(EXTRACTED INFORMATION)

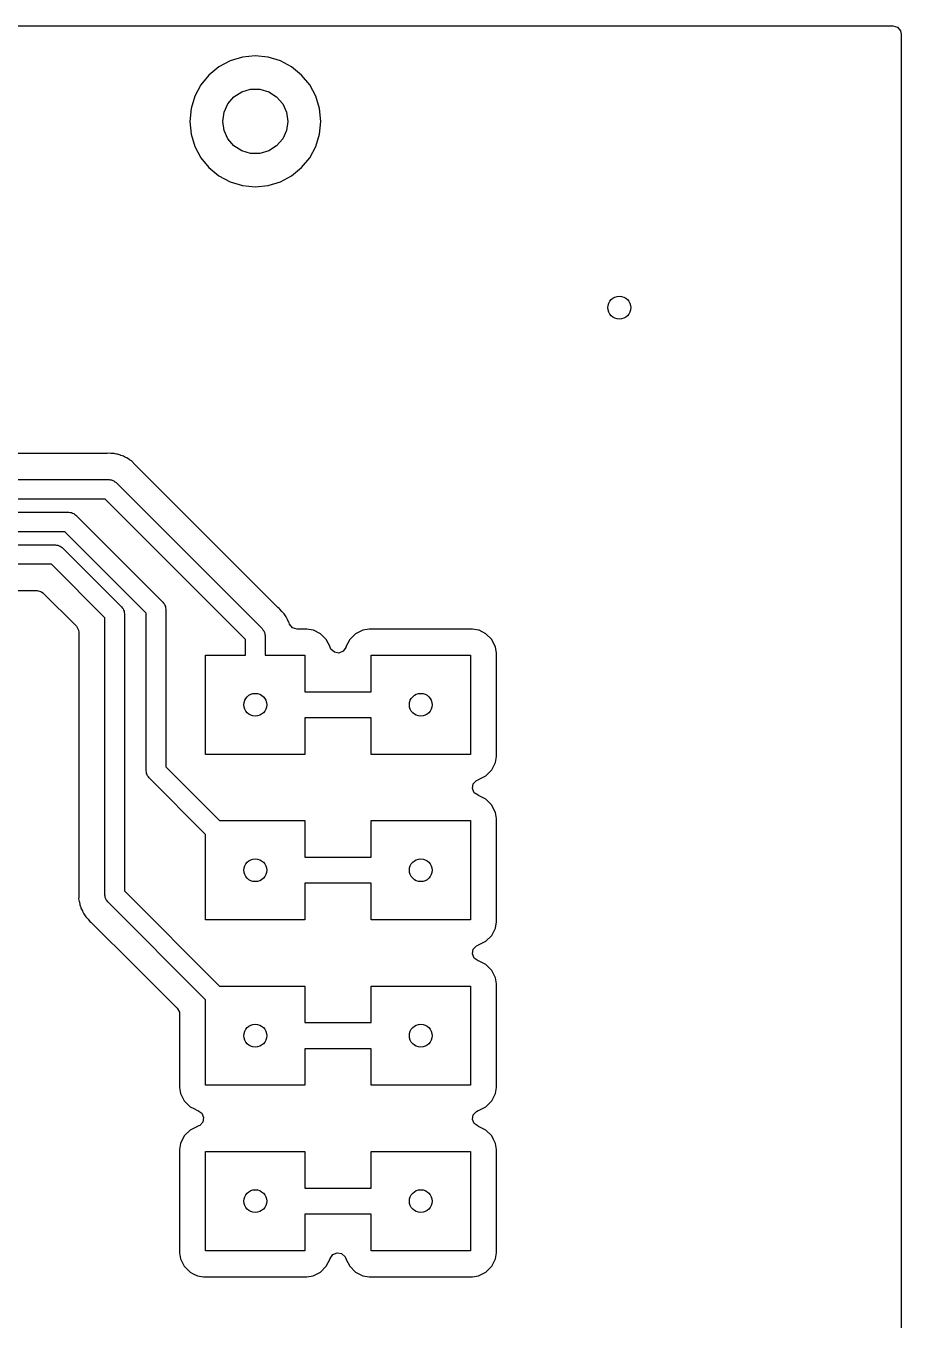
# Model space of a CAD drawing. Extents: x 0.23 to 2.57, y 0.23 to 1.77.
# Drawn here: x 2.041 to 2.57, y 0.988 to 1.77 of the extents above; entities that cross this region are included whole.
import ezdxf

# ---------------------------------------------------------------- set-up
doc = ezdxf.new("R2010")
doc.units = 0
doc.header["$MEASUREMENT"] = 0
doc.layers.add('BLACK', color=7, linetype='CONTINUOUS')

msp = doc.modelspace()

# ---------------------------------------------------------------- linework, layer by layer
at = {"layer": 'BLACK', "linetype": 'CONTINUOUS'}
for p, q in [((0.234665, 1.7703), (2.56533, 1.7703)), ((2.56533, 1.7703), (2.56802, 1.76951)), ((2.56802, 1.76951), (2.56985, 1.7674)), ((2.56985, 1.7674), (2.5703, 1.76533)), ((2.5703, 1.76533), (2.5703, 0.234665)), ((2.18, 1.75218), (2.17228, 1.75142)), ((2.18772, 1.75142), (2.18, 1.75218)), ((2.18, 1.75218), (2.18, 1.75218)), ((2.15801, 1.74551), (2.15201, 1.74059)), ((2.16485, 1.74917), (2.15801, 1.74551)), ((2.17228, 1.75142), (2.16485, 1.74917)), ((2.17228, 1.75142), (2.17228, 1.75142)), ((2.19515, 1.74917), (2.18772, 1.75142)), ((2.20199, 1.74551), (2.19515, 1.74917)), ((2.20799, 1.74059), (2.20199, 1.74551)), ((2.15201, 1.74059), (2.14709, 1.73459)), ((2.21291, 1.73459), (2.20799, 1.74059)), ((2.14709, 1.73459), (2.14343, 1.72775)), ((2.16711, 1.72748), (2.17182, 1.7305)), ((2.17182, 1.7305), (2.1772, 1.73208)), ((2.1772, 1.73208), (2.1828, 1.73208)), ((2.1828, 1.73208), (2.18818, 1.7305)), ((2.18818, 1.7305), (2.19289, 1.72748)), ((2.21657, 1.72775), (2.21291, 1.73459)), ((2.14343, 1.72775), (2.14118, 1.72032)), ((2.16111, 1.71814), (2.16344, 1.72324)), ((2.16344, 1.72324), (2.16711, 1.72748)), ((2.19289, 1.72748), (2.19656, 1.72324)), ((2.19656, 1.72324), (2.19889, 1.71814)), ((2.21882, 1.72032), (2.21657, 1.72775)), ((2.14118, 1.72032), (2.14042, 1.7126)), ((2.14118, 1.72032), (2.14118, 1.72032)), ((2.16031, 1.7126), (2.16111, 1.71814)), ((2.19889, 1.71814), (2.19969, 1.7126)), ((2.21958, 1.7126), (2.21882, 1.72032)), ((2.21882, 1.72032), (2.21882, 1.72032)), ((2.21882, 1.72032), (2.21882, 1.72032)), ((2.21882, 1.72032), (2.21882, 1.72032)), ((2.14042, 1.7126), (2.14042, 1.7126)), ((2.14042, 1.7126), (2.14118, 1.70488)), ((2.16111, 1.70705), (2.16031, 1.7126)), ((2.16344, 1.70196), (2.16111, 1.70705)), ((2.19889, 1.70705), (2.19656, 1.70196)), ((2.19969, 1.7126), (2.19889, 1.70705)), ((2.21882, 1.70488), (2.21958, 1.7126)), ((2.14118, 1.70488), (2.14118, 1.70488)), ((2.14118, 1.70488), (2.14343, 1.69745)), ((2.14343, 1.69745), (2.14709, 1.69061)), ((2.16711, 1.69772), (2.16344, 1.70196)), ((2.17182, 1.69469), (2.16711, 1.69772)), ((2.19289, 1.69772), (2.18818, 1.69469)), ((2.19656, 1.70196), (2.19289, 1.69772)), ((2.21291, 1.69061), (2.21657, 1.69745)), ((2.21657, 1.69745), (2.21882, 1.70488)), ((2.14709, 1.69061), (2.15201, 1.68461)), ((2.1772, 1.69311), (2.17182, 1.69469)), ((2.1828, 1.69311), (2.1772, 1.69311)), ((2.18818, 1.69469), (2.1828, 1.69311)), ((2.20799, 1.68461), (2.21291, 1.69061)), ((2.15201, 1.68461), (2.15801, 1.67969)), ((2.20199, 1.67969), (2.20799, 1.68461)), ((2.15801, 1.67969), (2.16485, 1.67603)), ((2.16485, 1.67603), (2.17228, 1.67378)), ((2.18772, 1.67378), (2.19515, 1.67603)), ((2.19515, 1.67603), (2.20199, 1.67969)), ((2.17228, 1.67378), (2.17228, 1.67378)), ((2.17228, 1.67378), (2.17228, 1.67378)), ((2.17228, 1.67378), (2.18, 1.67302)), ((2.18, 1.67302), (2.18772, 1.67378)), ((2.18, 1.67302), (2.18, 1.67302)), ((2.18, 1.67302), (2.18, 1.67302)), ((2.18772, 1.67378), (2.18772, 1.67378)), ((2.18772, 1.67378), (2.18772, 1.67378)), ((2.18772, 1.67378), (2.18772, 1.67378)), ((2.08937, 1.51183), (2.01091, 1.51183)), ((2.09022, 1.5119), (2.08937, 1.51183)), ((2.09091, 1.51202), (2.09022, 1.5119)), ((2.09264, 1.51184), (2.09091, 1.51202)), ((2.09289, 1.51183), (2.09264, 1.51184)), ((2.09463, 1.51183), (2.09289, 1.51183)), ((2.09531, 1.51164), (2.09463, 1.51183)), ((2.09463, 1.51183), (2.09463, 1.51183)), ((2.09614, 1.51148), (2.09531, 1.51164)), ((2.09636, 1.51146), (2.09614, 1.51148)), ((2.09683, 1.51141), (2.09636, 1.51146)), ((2.09845, 1.51077), (2.09683, 1.51141)), ((2.09869, 1.51069), (2.09845, 1.51077)), ((2.09954, 1.51045), (2.09869, 1.51069)), ((2.10037, 1.51022), (2.09954, 1.51045)), ((2.10097, 1.50986), (2.10037, 1.51022)), ((2.10037, 1.51022), (2.10037, 1.51022)), ((2.10172, 1.50948), (2.10097, 1.50986)), ((2.10238, 1.50923), (2.10172, 1.50948)), ((2.10376, 1.50817), (2.10238, 1.50923)), ((2.10397, 1.50803), (2.10376, 1.50817)), ((2.10513, 1.50733), (2.10397, 1.50803)), ((2.10546, 1.50713), (2.10513, 1.50733)), ((2.10724, 1.50522), (2.10546, 1.50713)), ((2.10546, 1.50713), (2.10546, 1.50713)), ((2.19371, 1.41875), (2.10724, 1.50522)), ((1.81016, 1.49606), (2.09165, 1.49606)), ((2.09165, 1.49606), (2.0924, 1.49586)), ((2.0924, 1.49586), (2.09318, 1.49586)), ((2.09318, 1.49586), (2.09386, 1.49547)), ((2.09386, 1.49547), (2.09461, 1.49527)), ((2.09461, 1.49527), (2.09516, 1.49472)), ((2.09516, 1.49472), (2.09583, 1.49433)), ((2.09583, 1.49433), (2.18418, 1.40599)), ((2.08921, 1.48425), (1.8126, 1.48425)), ((2.17409, 1.39936), (2.08921, 1.48425)), ((1.81866, 1.47638), (2.06737, 1.47638)), ((2.06737, 1.47638), (2.06812, 1.47618)), ((2.06812, 1.47618), (2.06889, 1.47618)), ((2.06889, 1.47618), (2.06957, 1.47579)), ((2.06957, 1.47579), (2.07032, 1.47559)), ((2.07032, 1.47559), (2.07087, 1.47504)), ((2.07087, 1.47504), (2.07154, 1.47465)), ((2.07154, 1.47465), (2.12418, 1.42201)), ((2.06492, 1.46457), (1.82111, 1.46457)), ((2.11409, 1.41539), (2.06492, 1.46457)), ((1.82681, 1.45669), (2.05921, 1.45669)), ((2.05921, 1.45669), (2.05996, 1.45649)), ((2.05996, 1.45649), (2.06074, 1.45649)), ((2.06074, 1.45649), (2.06141, 1.4561)), ((2.06141, 1.4561), (2.06217, 1.4559)), ((2.06217, 1.4559), (2.06272, 1.45535)), ((2.06272, 1.45535), (2.06339, 1.45496)), ((2.06339, 1.45496), (2.09918, 1.41918)), ((2.05677, 1.44488), (1.82926, 1.44488)), ((2.08909, 1.41255), (2.05677, 1.44488)), ((2.0063, 1.42913), (2.04567, 1.42913)), ((2.04567, 1.42913), (2.04567, 1.42911)), ((2.04567, 1.42911), (2.04818, 1.42911)), ((2.04818, 1.42911), (2.05086, 1.42833)), ((2.05086, 1.42833), (2.05169, 1.42766)), ((2.05169, 1.42766), (2.07187, 1.40748)), ((2.09918, 1.41918), (2.09956, 1.4185)), ((2.09956, 1.4185), (2.10011, 1.41795)), ((2.10011, 1.41795), (2.10032, 1.4172)), ((2.10032, 1.4172), (2.1007, 1.41653)), ((2.1007, 1.41653), (2.1007, 1.41575)), ((2.12418, 1.42201), (2.12456, 1.42134)), ((2.12456, 1.42134), (2.12511, 1.42079)), ((2.12511, 1.42079), (2.12532, 1.42004)), ((2.12532, 1.42004), (2.1257, 1.41937)), ((2.1257, 1.41937), (2.1257, 1.41859)), ((2.1257, 1.41859), (2.12591, 1.41784)), ((2.12591, 1.41784), (2.12591, 1.32245)), ((2.19436, 1.4182), (2.19371, 1.41875)), ((2.19493, 1.4178), (2.19436, 1.4182)), ((2.19603, 1.41645), (2.19493, 1.4178)), ((2.19493, 1.4178), (2.19493, 1.4178)), ((2.1962, 1.41626), (2.19603, 1.41645)), ((2.19743, 1.41503), (2.1962, 1.41626)), ((2.08909, 1.245), (2.08909, 1.41255)), ((2.1007, 1.41575), (2.10091, 1.415)), ((2.10091, 1.415), (2.10091, 1.24745)), ((2.11409, 1.32), (2.11409, 1.41539)), ((2.19777, 1.41442), (2.19743, 1.41503)), ((2.19743, 1.41503), (2.19743, 1.41503)), ((2.19743, 1.41503), (2.19743, 1.41503)), ((2.19825, 1.41372), (2.19777, 1.41442)), ((2.19869, 1.41318), (2.19825, 1.41372)), ((2.19939, 1.41158), (2.19869, 1.41318)), ((2.1995, 1.41135), (2.19939, 1.41158)), ((2.20035, 1.40984), (2.1995, 1.41135)), ((2.20042, 1.40955), (2.20035, 1.40984)), ((2.20035, 1.40984), (2.20035, 1.40984)), ((2.20073, 1.40867), (2.20042, 1.40955)), ((2.20256, 1.40656), (2.20073, 1.40867)), ((2.07187, 1.40748), (2.07321, 1.40502)), ((2.07321, 1.40502), (2.07333, 1.40397)), ((2.07333, 1.40397), (2.07333, 1.24537)), ((2.18418, 1.40599), (2.18456, 1.40531)), ((2.18456, 1.40531), (2.18511, 1.40476)), ((2.18511, 1.40476), (2.18532, 1.40401)), ((2.18532, 1.40401), (2.1857, 1.40334)), ((2.1857, 1.40334), (2.1857, 1.40256)), ((2.1857, 1.40256), (2.18591, 1.40181)), ((2.18591, 1.40181), (2.18591, 1.39)), ((2.20524, 1.40577), (2.20256, 1.40656)), ((2.21124, 1.40577), (2.20524, 1.40577)), ((2.21493, 1.40518), (2.21124, 1.40577)), ((2.21124, 1.40577), (2.21124, 1.40577)), ((2.21525, 1.40502), (2.21493, 1.40518)), ((2.21938, 1.40292), (2.21525, 1.40502)), ((2.22292, 1.39938), (2.21938, 1.40292)), ((2.24062, 1.40292), (2.23708, 1.39938)), ((2.24507, 1.40518), (2.24062, 1.40292)), ((2.24876, 1.40577), (2.24507, 1.40518)), ((2.31124, 1.40577), (2.24876, 1.40577)), ((2.31493, 1.40518), (2.31124, 1.40577)), ((2.31124, 1.40577), (2.31124, 1.40577)), ((2.31525, 1.40502), (2.31493, 1.40518)), ((2.31938, 1.40292), (2.31525, 1.40502)), ((2.32292, 1.39938), (2.31938, 1.40292)), ((2.17409, 1.39), (2.17409, 1.39936)), ((2.22518, 1.39493), (2.22292, 1.39938)), ((2.22528, 1.39463), (2.22518, 1.39493)), ((2.22575, 1.3936), (2.22528, 1.39463)), ((2.22781, 1.39171), (2.22575, 1.3936)), ((2.23472, 1.39463), (2.23314, 1.39232)), ((2.23482, 1.39493), (2.23472, 1.39463)), ((2.23708, 1.39938), (2.23482, 1.39493)), ((2.32405, 1.39716), (2.32292, 1.39938)), ((2.32518, 1.39493), (2.32405, 1.39716)), ((2.32577, 1.39124), (2.32518, 1.39493)), ((2.15, 1.33), (2.15, 1.39)), ((2.15, 1.39), (2.17409, 1.39)), ((2.18591, 1.39), (2.21, 1.39)), ((2.21, 1.39), (2.21, 1.36787)), ((2.23057, 1.39123), (2.22781, 1.39171)), ((2.23314, 1.39232), (2.23057, 1.39123)), ((2.25, 1.36787), (2.25, 1.39)), ((2.25, 1.39), (2.31, 1.39)), ((2.31, 1.39), (2.31, 1.33)), ((2.32577, 1.32876), (2.32577, 1.39124)), ((2.21, 1.36787), (2.25, 1.36787)), ((2.25, 1.35213), (2.21, 1.35213)), ((2.21, 1.35213), (2.21, 1.33)), ((2.25, 1.33), (2.25, 1.35213)), ((2.21, 1.33), (2.15, 1.33)), ((2.31, 1.33), (2.25, 1.33)), ((2.12591, 1.32245), (2.15835, 1.29)), ((2.32292, 1.32062), (2.32518, 1.32507)), ((2.32518, 1.32507), (2.32577, 1.32876)), ((2.1143, 1.31925), (2.11409, 1.32)), ((2.1143, 1.31847), (2.1143, 1.31925)), ((2.11468, 1.3178), (2.1143, 1.31847)), ((2.11489, 1.31705), (2.11468, 1.3178)), ((2.11544, 1.3165), (2.11489, 1.31705)), ((2.11582, 1.31582), (2.11544, 1.3165)), ((2.15, 1.28165), (2.11582, 1.31582)), ((2.31171, 1.31219), (2.3136, 1.31425)), ((2.3136, 1.31425), (2.31463, 1.31472)), ((2.31463, 1.31472), (2.31493, 1.31482)), ((2.31493, 1.31482), (2.31938, 1.31708)), ((2.31493, 1.31482), (2.31493, 1.31482)), ((2.31938, 1.31708), (2.32292, 1.32062)), ((2.31123, 1.30943), (2.31171, 1.31219)), ((2.31232, 1.30686), (2.31123, 1.30943)), ((2.31463, 1.30528), (2.31232, 1.30686)), ((2.31493, 1.30518), (2.31463, 1.30528)), ((2.31938, 1.30292), (2.31493, 1.30518)), ((2.32292, 1.29938), (2.31938, 1.30292)), ((2.32405, 1.29716), (2.32292, 1.29938)), ((2.32518, 1.29493), (2.32405, 1.29716)), ((2.32577, 1.29124), (2.32518, 1.29493)), ((2.32577, 1.22876), (2.32577, 1.29124)), ((2.15835, 1.29), (2.21, 1.29)), ((2.21, 1.29), (2.21, 1.26787)), ((2.25, 1.26787), (2.25, 1.29)), ((2.25, 1.29), (2.31, 1.29)), ((2.31, 1.29), (2.31, 1.23)), ((2.15, 1.23), (2.15, 1.28165)), ((2.21, 1.26787), (2.25, 1.26787)), ((2.25, 1.25213), (2.21, 1.25213)), ((2.21, 1.25213), (2.21, 1.23)), ((2.25, 1.23), (2.25, 1.25213)), ((2.07327, 1.2438), (2.07324, 1.24276)), ((2.07333, 1.24537), (2.07327, 1.2438)), ((2.0893, 1.24425), (2.08909, 1.245)), ((2.0893, 1.24347), (2.0893, 1.24425)), ((2.10091, 1.24745), (2.15835, 1.19)), ((2.07324, 1.24276), (2.07365, 1.24107)), ((2.07365, 1.24107), (2.0737, 1.24082)), ((2.0737, 1.24082), (2.07393, 1.2391)), ((2.07393, 1.2391), (2.07393, 1.2391)), ((2.07393, 1.2391), (2.07421, 1.23846)), ((2.07421, 1.23846), (2.07448, 1.23765)), ((2.07448, 1.23765), (2.07465, 1.23697)), ((2.07465, 1.23697), (2.0755, 1.23546)), ((2.08968, 1.2428), (2.0893, 1.24347)), ((2.08989, 1.24205), (2.08968, 1.2428)), ((2.09044, 1.2415), (2.08989, 1.24205)), ((2.09082, 1.24082), (2.09044, 1.2415)), ((2.15, 1.18165), (2.09082, 1.24082)), ((2.0755, 1.23546), (2.07561, 1.23523)), ((2.07561, 1.23523), (2.07631, 1.23363)), ((2.07631, 1.23363), (2.07631, 1.23363)), ((2.07631, 1.23363), (2.07675, 1.23309)), ((2.07675, 1.23309), (2.07723, 1.23239)), ((2.07723, 1.23239), (2.07757, 1.23178)), ((2.07757, 1.23178), (2.0788, 1.23055)), ((2.0788, 1.23055), (2.07897, 1.23036)), ((2.07897, 1.23036), (2.08007, 1.22901)), ((2.08007, 1.22901), (2.08007, 1.22901)), ((2.08007, 1.22901), (2.08064, 1.22861)), ((2.08064, 1.22861), (2.08129, 1.22806)), ((2.21, 1.23), (2.15, 1.23)), ((2.31, 1.23), (2.25, 1.23)), ((2.32518, 1.22507), (2.32577, 1.22876)), ((2.08129, 1.22806), (2.10721, 1.20214)), ((2.31938, 1.21708), (2.32292, 1.22062)), ((2.32292, 1.22062), (2.32518, 1.22507)), ((2.31171, 1.21219), (2.3136, 1.21425)), ((2.3136, 1.21425), (2.31463, 1.21472)), ((2.31463, 1.21472), (2.31493, 1.21482)), ((2.31493, 1.21482), (2.31938, 1.21708)), ((2.31493, 1.21482), (2.31493, 1.21482)), ((2.31123, 1.20943), (2.31171, 1.21219)), ((2.31232, 1.20686), (2.31123, 1.20943)), ((2.31463, 1.20528), (2.31232, 1.20686)), ((2.31493, 1.20518), (2.31463, 1.20528)), ((2.31938, 1.20292), (2.31493, 1.20518)), ((2.10721, 1.20214), (2.13278, 1.17657)), ((2.32292, 1.19938), (2.31938, 1.20292)), ((2.32357, 1.1981), (2.32292, 1.19938)), ((2.32518, 1.19493), (2.32357, 1.1981)), ((2.15835, 1.19), (2.21, 1.19)), ((2.21, 1.19), (2.21, 1.16787)), ((2.25, 1.16787), (2.25, 1.19)), ((2.25, 1.19), (2.31, 1.19)), ((2.31, 1.19), (2.31, 1.13)), ((2.32577, 1.19124), (2.32518, 1.19493)), ((2.32577, 1.12876), (2.32577, 1.19124)), ((2.15, 1.13), (2.15, 1.18165)), ((2.13278, 1.17657), (2.13412, 1.17412)), ((2.13412, 1.17412), (2.13423, 1.17306)), ((2.13423, 1.17306), (2.13423, 1.12876)), ((2.21, 1.16787), (2.25, 1.16787)), ((2.25, 1.15213), (2.21, 1.15213)), ((2.21, 1.15213), (2.21, 1.13)), ((2.25, 1.13), (2.25, 1.15213)), ((2.13423, 1.12876), (2.13482, 1.12507)), ((2.21, 1.13), (2.15, 1.13)), ((2.31, 1.13), (2.25, 1.13)), ((2.32518, 1.12507), (2.32577, 1.12876)), ((2.13482, 1.12507), (2.13708, 1.12062)), ((2.13708, 1.12062), (2.14062, 1.11708)), ((2.31938, 1.11708), (2.32292, 1.12062)), ((2.32292, 1.12062), (2.32518, 1.12507)), ((2.14062, 1.11708), (2.14288, 1.11593)), ((2.14288, 1.11593), (2.14507, 1.11482)), ((2.14507, 1.11482), (2.14507, 1.11482)), ((2.14507, 1.11482), (2.14537, 1.11472)), ((2.14537, 1.11472), (2.14768, 1.11314)), ((2.14768, 1.11314), (2.14877, 1.11057)), ((2.31123, 1.10943), (2.31171, 1.11219)), ((2.31171, 1.11219), (2.3136, 1.11425)), ((2.3136, 1.11425), (2.31463, 1.11472)), ((2.31463, 1.11472), (2.31493, 1.11482)), ((2.31493, 1.11482), (2.31938, 1.11708)), ((2.31493, 1.11482), (2.31493, 1.11482)), ((2.14062, 1.10292), (2.13708, 1.09938)), ((2.14507, 1.10518), (2.14062, 1.10292)), ((2.14537, 1.10528), (2.14507, 1.10518)), ((2.1464, 1.10575), (2.14537, 1.10528)), ((2.14829, 1.10781), (2.1464, 1.10575)), ((2.14877, 1.11057), (2.14829, 1.10781)), ((2.31232, 1.10686), (2.31123, 1.10943)), ((2.31463, 1.10528), (2.31232, 1.10686)), ((2.31493, 1.10518), (2.31463, 1.10528)), ((2.31938, 1.10292), (2.31493, 1.10518)), ((2.32292, 1.09938), (2.31938, 1.10292)), ((2.13708, 1.09938), (2.13482, 1.09493)), ((2.32405, 1.09716), (2.32292, 1.09938)), ((2.32518, 1.09493), (2.32405, 1.09716)), ((2.13482, 1.09493), (2.13423, 1.09124)), ((2.13423, 1.09124), (2.13423, 1.09124)), ((2.13423, 1.09124), (2.13423, 1.02876)), ((2.13482, 1.09493), (2.13482, 1.09493)), ((2.15, 1.03), (2.15, 1.09)), ((2.15, 1.09), (2.21, 1.09)), ((2.21, 1.09), (2.21, 1.06787)), ((2.25, 1.06787), (2.25, 1.09)), ((2.25, 1.09), (2.31, 1.09)), ((2.31, 1.09), (2.31, 1.03)), ((2.32577, 1.09124), (2.32518, 1.09493)), ((2.32577, 1.02876), (2.32577, 1.09124)), ((2.21, 1.06787), (2.25, 1.06787)), ((2.25, 1.05213), (2.21, 1.05213)), ((2.21, 1.05213), (2.21, 1.03)), ((2.25, 1.03), (2.25, 1.05213)), ((2.13423, 1.02876), (2.13482, 1.02507)), ((2.13482, 1.02507), (2.13708, 1.02062)), ((2.21, 1.03), (2.15, 1.03)), ((2.22292, 1.02062), (2.22518, 1.02507)), ((2.22518, 1.02507), (2.22528, 1.02537)), ((2.22518, 1.02507), (2.22518, 1.02507)), ((2.22528, 1.02537), (2.22686, 1.02768)), ((2.22686, 1.02768), (2.22943, 1.02877)), ((2.22943, 1.02877), (2.23219, 1.02829)), ((2.23219, 1.02829), (2.23425, 1.0264)), ((2.23425, 1.0264), (2.23472, 1.02537)), ((2.23472, 1.02537), (2.23482, 1.02507)), ((2.23482, 1.02507), (2.23708, 1.02062)), ((2.31, 1.03), (2.25, 1.03)), ((2.32292, 1.02062), (2.32518, 1.02507)), ((2.32518, 1.02507), (2.32577, 1.02876)), ((2.13708, 1.02062), (2.14062, 1.01708)), ((2.14062, 1.01708), (2.14214, 1.01631)), ((2.21493, 1.01482), (2.21938, 1.01708)), ((2.21938, 1.01708), (2.22292, 1.02062)), ((2.23708, 1.02062), (2.24062, 1.01708)), ((2.24062, 1.01708), (2.24214, 1.01631)), ((2.31493, 1.01482), (2.31938, 1.01708)), ((2.31938, 1.01708), (2.32292, 1.02062)), ((2.14214, 1.01631), (2.14507, 1.01482)), ((2.14507, 1.01482), (2.14876, 1.01423)), ((2.14876, 1.01423), (2.21124, 1.01423)), ((2.21124, 1.01423), (2.21493, 1.01482)), ((2.24214, 1.01631), (2.24507, 1.01482)), ((2.24507, 1.01482), (2.24876, 1.01423)), ((2.24876, 1.01423), (2.31124, 1.01423)), ((2.31124, 1.01423), (2.31493, 1.01482))]:
    msp.add_line(p, q, dxfattribs=at)
at = {"layer": 'BLACK'}
for centre in [(2.4, 1.6), (2.18, 1.36), (2.28, 1.36), (2.18, 1.26), (2.28, 1.26), (2.18, 1.16), (2.28, 1.16), (2.18, 1.06), (2.28, 1.06)]:
    msp.add_circle(centre, 0.00689, dxfattribs=at)

doc.saveas('drawing.dxf')

(End EXTRACTED INFORMATION)

Copy each line above that contains the word "CONTINUOUS".

doc.layers.add('BLACK', color=7, linetype='CONTINUOUS')
at = {"layer": 'BLACK', "linetype": 'CONTINUOUS'}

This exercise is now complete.